= William Rutty =

English physician

William Rutty M.D. (1687–1730) was an English physician.

==Life==
He was born in London, and entered Christ's College, Cambridge in 1707, graduating M.B. in 1712 and M.D. on 17 July 1719. He was admitted a candidate or member of the Royal College of Physicians 30 September 1719, and was elected a fellow 30 September 1720. On 13 August 1720 he was a candidate for the osteology lecture at the Barber-Surgeons' Hall, and again 30 October 1721; and was successful when a candidate for the third time on 29 March 1721. On 20 August 1724 he was elected to the viscera lectureship at the same place, and 15 August 1728 to the muscular lectureship.

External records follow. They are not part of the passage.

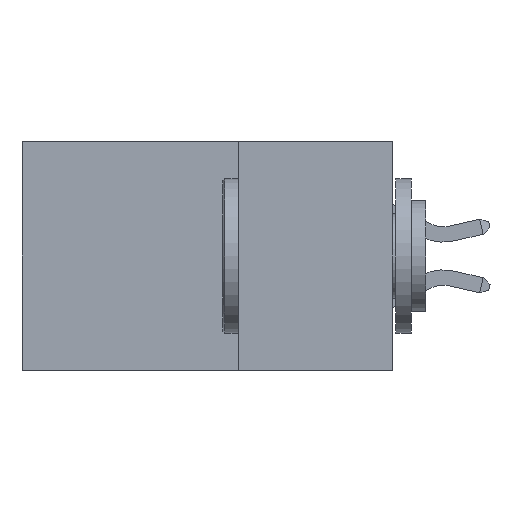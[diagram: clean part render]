
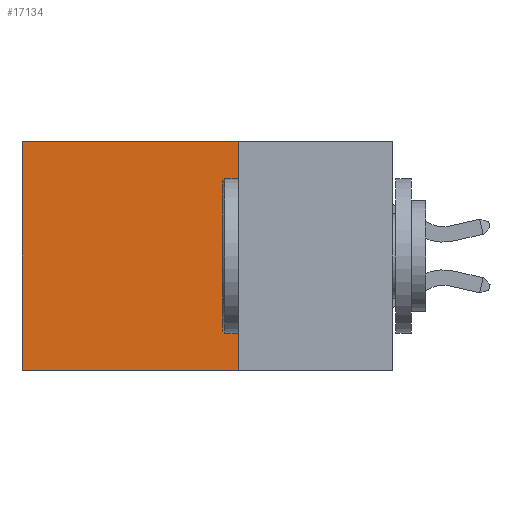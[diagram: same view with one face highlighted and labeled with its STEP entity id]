
A CAD part, left-side view. The second image highlights one B-rep face of the part: STEP entity #17134.
In plain terms, the highlighted planar face has unit normal (-1, 0, 0).
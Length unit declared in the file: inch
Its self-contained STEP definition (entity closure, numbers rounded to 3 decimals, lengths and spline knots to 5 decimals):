
#511 = CARTESIAN_POINT ( 'NONE',  ( 0.2875, 0.6, 0. ) ) ;
#522 = LINE ( 'NONE', #21539, #2745 ) ;
#1295 = VECTOR ( 'NONE', #15733, 39.37008 ) ;
#1963 = CARTESIAN_POINT ( 'NONE',  ( 0.2875, 0.25, -0.37 ) ) ;
#2328 = DIRECTION ( 'NONE',  ( 1., 0., 0. ) ) ;
#2745 = VECTOR ( 'NONE', #17882, 39.37008 ) ;
#3236 = LINE ( 'NONE', #12804, #15075 ) ;
#3354 = CARTESIAN_POINT ( 'NONE',  ( 0.2875, 0.6, 0. ) ) ;
#4068 = EDGE_CURVE ( 'NONE', #10381, #11801, #3236, .T. ) ;
#5221 = EDGE_CURVE ( 'NONE', #19201, #16398, #11421, .T. ) ;
#5347 = CARTESIAN_POINT ( 'NONE',  ( 0.2875, 0.25, 0. ) ) ;
#5705 = ORIENTED_EDGE ( 'NONE', *, *, #4068, .T. ) ;
#5716 = ORIENTED_EDGE ( 'NONE', *, *, #16148, .T. ) ;
#7487 = DIRECTION ( 'NONE',  ( 0., 0., -1. ) ) ;
#8820 = FACE_OUTER_BOUND ( 'NONE', #9280, .T. ) ;
#9280 = EDGE_LOOP ( 'NONE', ( #5716, #10858, #14044, #5705 ) ) ;
#10381 = VERTEX_POINT ( 'NONE', #5347 ) ;
#10858 = ORIENTED_EDGE ( 'NONE', *, *, #5221, .F. ) ;
#11058 = VECTOR ( 'NONE', #21269, 39.37008 ) ;
#11421 = LINE ( 'NONE', #1963, #1295 ) ;
#11801 = VERTEX_POINT ( 'NONE', #511 ) ;
#12804 = CARTESIAN_POINT ( 'NONE',  ( 0.2875, 0.25, 0. ) ) ;
#14044 = ORIENTED_EDGE ( 'NONE', *, *, #20850, .F. ) ;
#14945 = CARTESIAN_POINT ( 'NONE',  ( 0.2875, 0.6, -0.37 ) ) ;
#15075 = VECTOR ( 'NONE', #20186, 39.37008 ) ;
#15311 = CARTESIAN_POINT ( 'NONE',  ( 0.2875, 0.25, -0.37 ) ) ;
#15733 = DIRECTION ( 'NONE',  ( 0., 1., 0. ) ) ;
#16148 = EDGE_CURVE ( 'NONE', #11801, #16398, #22642, .T. ) ;
#16398 = VERTEX_POINT ( 'NONE', #14945 ) ;
#16416 = CARTESIAN_POINT ( 'NONE',  ( 0.2875, 0.25, 0. ) ) ;
#17134 = ADVANCED_FACE ( 'NONE', ( #8820 ), #18056, .F. ) ;
#17882 = DIRECTION ( 'NONE',  ( 0., 0., -1. ) ) ;
#18056 = PLANE ( 'NONE',  #19482 ) ;
#19201 = VERTEX_POINT ( 'NONE', #15311 ) ;
#19482 = AXIS2_PLACEMENT_3D ( 'NONE', #16416, #2328, #7487 ) ;
#20186 = DIRECTION ( 'NONE',  ( 0., 1., 0. ) ) ;
#20850 = EDGE_CURVE ( 'NONE', #10381, #19201, #522, .T. ) ;
#21269 = DIRECTION ( 'NONE',  ( 0., 0., -1. ) ) ;
#21539 = CARTESIAN_POINT ( 'NONE',  ( 0.2875, 0.25, 0. ) ) ;
#22642 = LINE ( 'NONE', #3354, #11058 ) ;

Rutty was elected a Fellow of the Royal Society 30 June 1720, and became second secretary 30 November 1727. He died on 10 June 1730. The physician John Rutty was a cousin.

==Works==
In March 1722 Rutty delivered the Gulstonian lectures at the College of Physicians on the anatomy and diseases of the urinary organs, and published them in 1726 as A Treatise of the Urinary Passages, with a dedication to Sir Hans Sloane. The work relates two distinctive cases: one in the practice of John Bamber, lithotomist to St. Bartholomew's Hospital, of calcified concretions in the caecum giving rise to symptoms resembling renal colic; and the other of double renal calculus in the daughter of Sir Hugh Myddelton, from a note by Francis Glisson.